• **WORK ITEM**: Scan the entries for the word "LastModifiedBy" and return every line that has it.

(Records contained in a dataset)
Content starts

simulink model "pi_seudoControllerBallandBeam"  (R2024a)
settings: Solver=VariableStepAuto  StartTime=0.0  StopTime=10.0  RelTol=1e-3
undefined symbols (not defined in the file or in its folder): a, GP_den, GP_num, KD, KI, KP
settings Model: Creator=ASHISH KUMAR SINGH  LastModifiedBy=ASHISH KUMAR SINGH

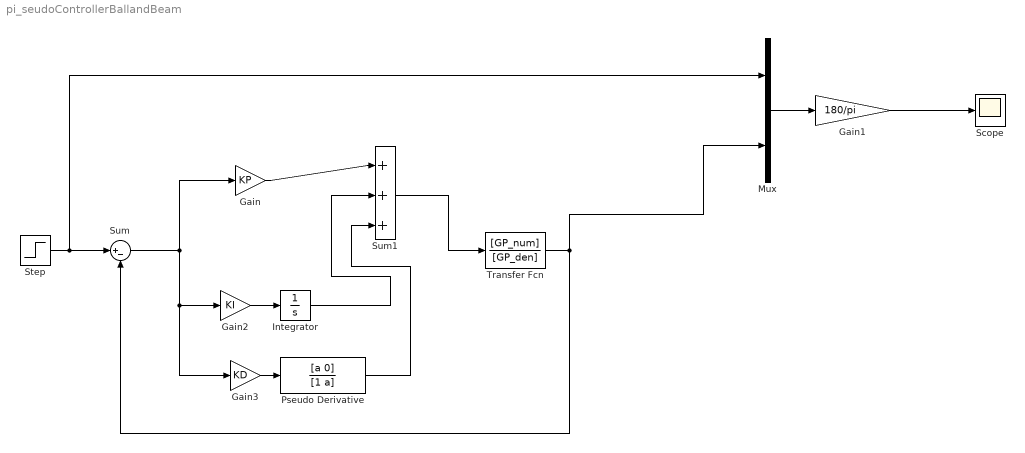
== system pi_seudoControllerBallandBeam ==
  Gain : Gain  Gain=KP
  Gain1 : Gain  Gain=180/pi
  Gain2 : Gain  Gain=KI
  Gain3 : Gain  Gain=KD
  Integrator : Integrator
  Mux : Mux  Inputs=2
  Pseudo Derivative : TransferFcn  Numerator=[a 0]  Denominator=[1 a]
  Scope : Scope
  Step : Step  SampleTime=0
  Sum : Sum  Inputs=|+-
  Sum1 : Sum  Inputs=|+++
  Transfer Fcn : TransferFcn  Numerator=[GP_num]  Denominator=[GP_den]
  wires:
  Transfer Fcn/1 -> Sum/2, Mux/2
  Gain1/1 -> Scope/1
  Pseudo Derivative/1 -> Sum1/3
  Sum/1 -> Gain/1, Gain3/1, Gain2/1
  Gain3/1 -> Pseudo Derivative/1
  Mux/1 -> Gain1/1
  Gain/1 -> Sum1/1
  Gain2/1 -> Integrator/1
  Sum1/1 -> Transfer Fcn/1
  Integrator/1 -> Sum1/2
  Step/1 -> Mux/1, Sum/1
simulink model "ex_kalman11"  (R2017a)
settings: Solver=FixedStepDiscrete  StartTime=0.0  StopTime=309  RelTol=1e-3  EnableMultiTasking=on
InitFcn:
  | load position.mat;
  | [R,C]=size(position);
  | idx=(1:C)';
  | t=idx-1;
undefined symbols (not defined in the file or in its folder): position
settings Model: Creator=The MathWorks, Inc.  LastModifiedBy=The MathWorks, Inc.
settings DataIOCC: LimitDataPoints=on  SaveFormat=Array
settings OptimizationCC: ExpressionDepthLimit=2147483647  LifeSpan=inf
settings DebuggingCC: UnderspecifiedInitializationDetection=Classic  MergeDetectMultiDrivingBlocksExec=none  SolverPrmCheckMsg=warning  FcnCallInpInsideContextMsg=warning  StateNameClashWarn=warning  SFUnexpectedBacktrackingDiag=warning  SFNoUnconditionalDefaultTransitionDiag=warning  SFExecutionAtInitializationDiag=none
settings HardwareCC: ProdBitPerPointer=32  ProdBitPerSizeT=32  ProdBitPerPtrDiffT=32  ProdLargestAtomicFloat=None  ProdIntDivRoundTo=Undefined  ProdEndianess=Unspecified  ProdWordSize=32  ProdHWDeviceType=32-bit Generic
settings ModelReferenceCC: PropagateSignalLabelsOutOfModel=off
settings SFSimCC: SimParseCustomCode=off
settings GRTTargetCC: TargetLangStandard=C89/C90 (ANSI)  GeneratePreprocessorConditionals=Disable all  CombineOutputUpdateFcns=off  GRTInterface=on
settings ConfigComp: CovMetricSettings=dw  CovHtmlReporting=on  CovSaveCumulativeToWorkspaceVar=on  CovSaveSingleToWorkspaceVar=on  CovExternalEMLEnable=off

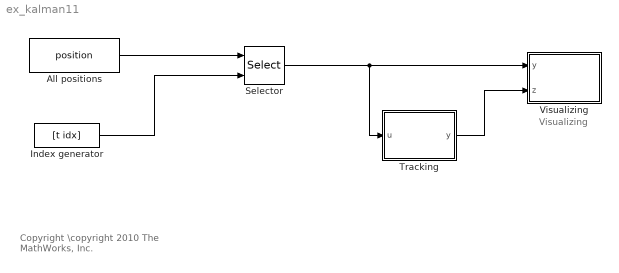
== system ex_kalman11 ==
  note: Visualizing
  note: Copyright \copyright 2010 The MathWorks, Inc.
  All positions : Constant  Value=position
  Index generator : FromWorkspace  VariableName=[t idx]  SampleTime=1  Interpolate=off  OutputAfterFinalValue=Holding final value
  Selector : Selector  NumberOfDimensions=2  InputPortWidth=2  IndexOptions=Select all,Index vector (port)  Indices=[1 3],2  OutputSizes=1,1
  Tracking : MATLAB Function  TreatAsAtomicUnit=on
  Visualizing : MATLAB Function  TreatAsAtomicUnit=on
  wires:
  All positions/1 -> Selector/1
  Index generator/1 -> Selector/2
  Selector/1 -> Tracking/1(u), Visualizing/1(y)
  Tracking/1(y) -> Visualizing/2(z)

== matlab function ex_kalman11/Visualizing ==
  data: y input; z input
function plot_me(y,z)
%#codegen

coder.extrinsic('figure','hold','plot_trajectory');
persistent h
if isempty(h)
  h=figure;
  hold;
end
plot_trajectory(y,z);
end

== matlab function ex_kalman11/Tracking ==
  data: u input; y output size=[2 1]
function y = kalman(u)
%#codegen

y = ex_kalman02(u);

Content ends

• **SOLUTION TO THE EXERCISE**:
settings Model: Creator=ASHISH KUMAR SINGH  LastModifiedBy=ASHISH KUMAR SINGH
settings Model: Creator=The MathWorks, Inc.  LastModifiedBy=The MathWorks, Inc.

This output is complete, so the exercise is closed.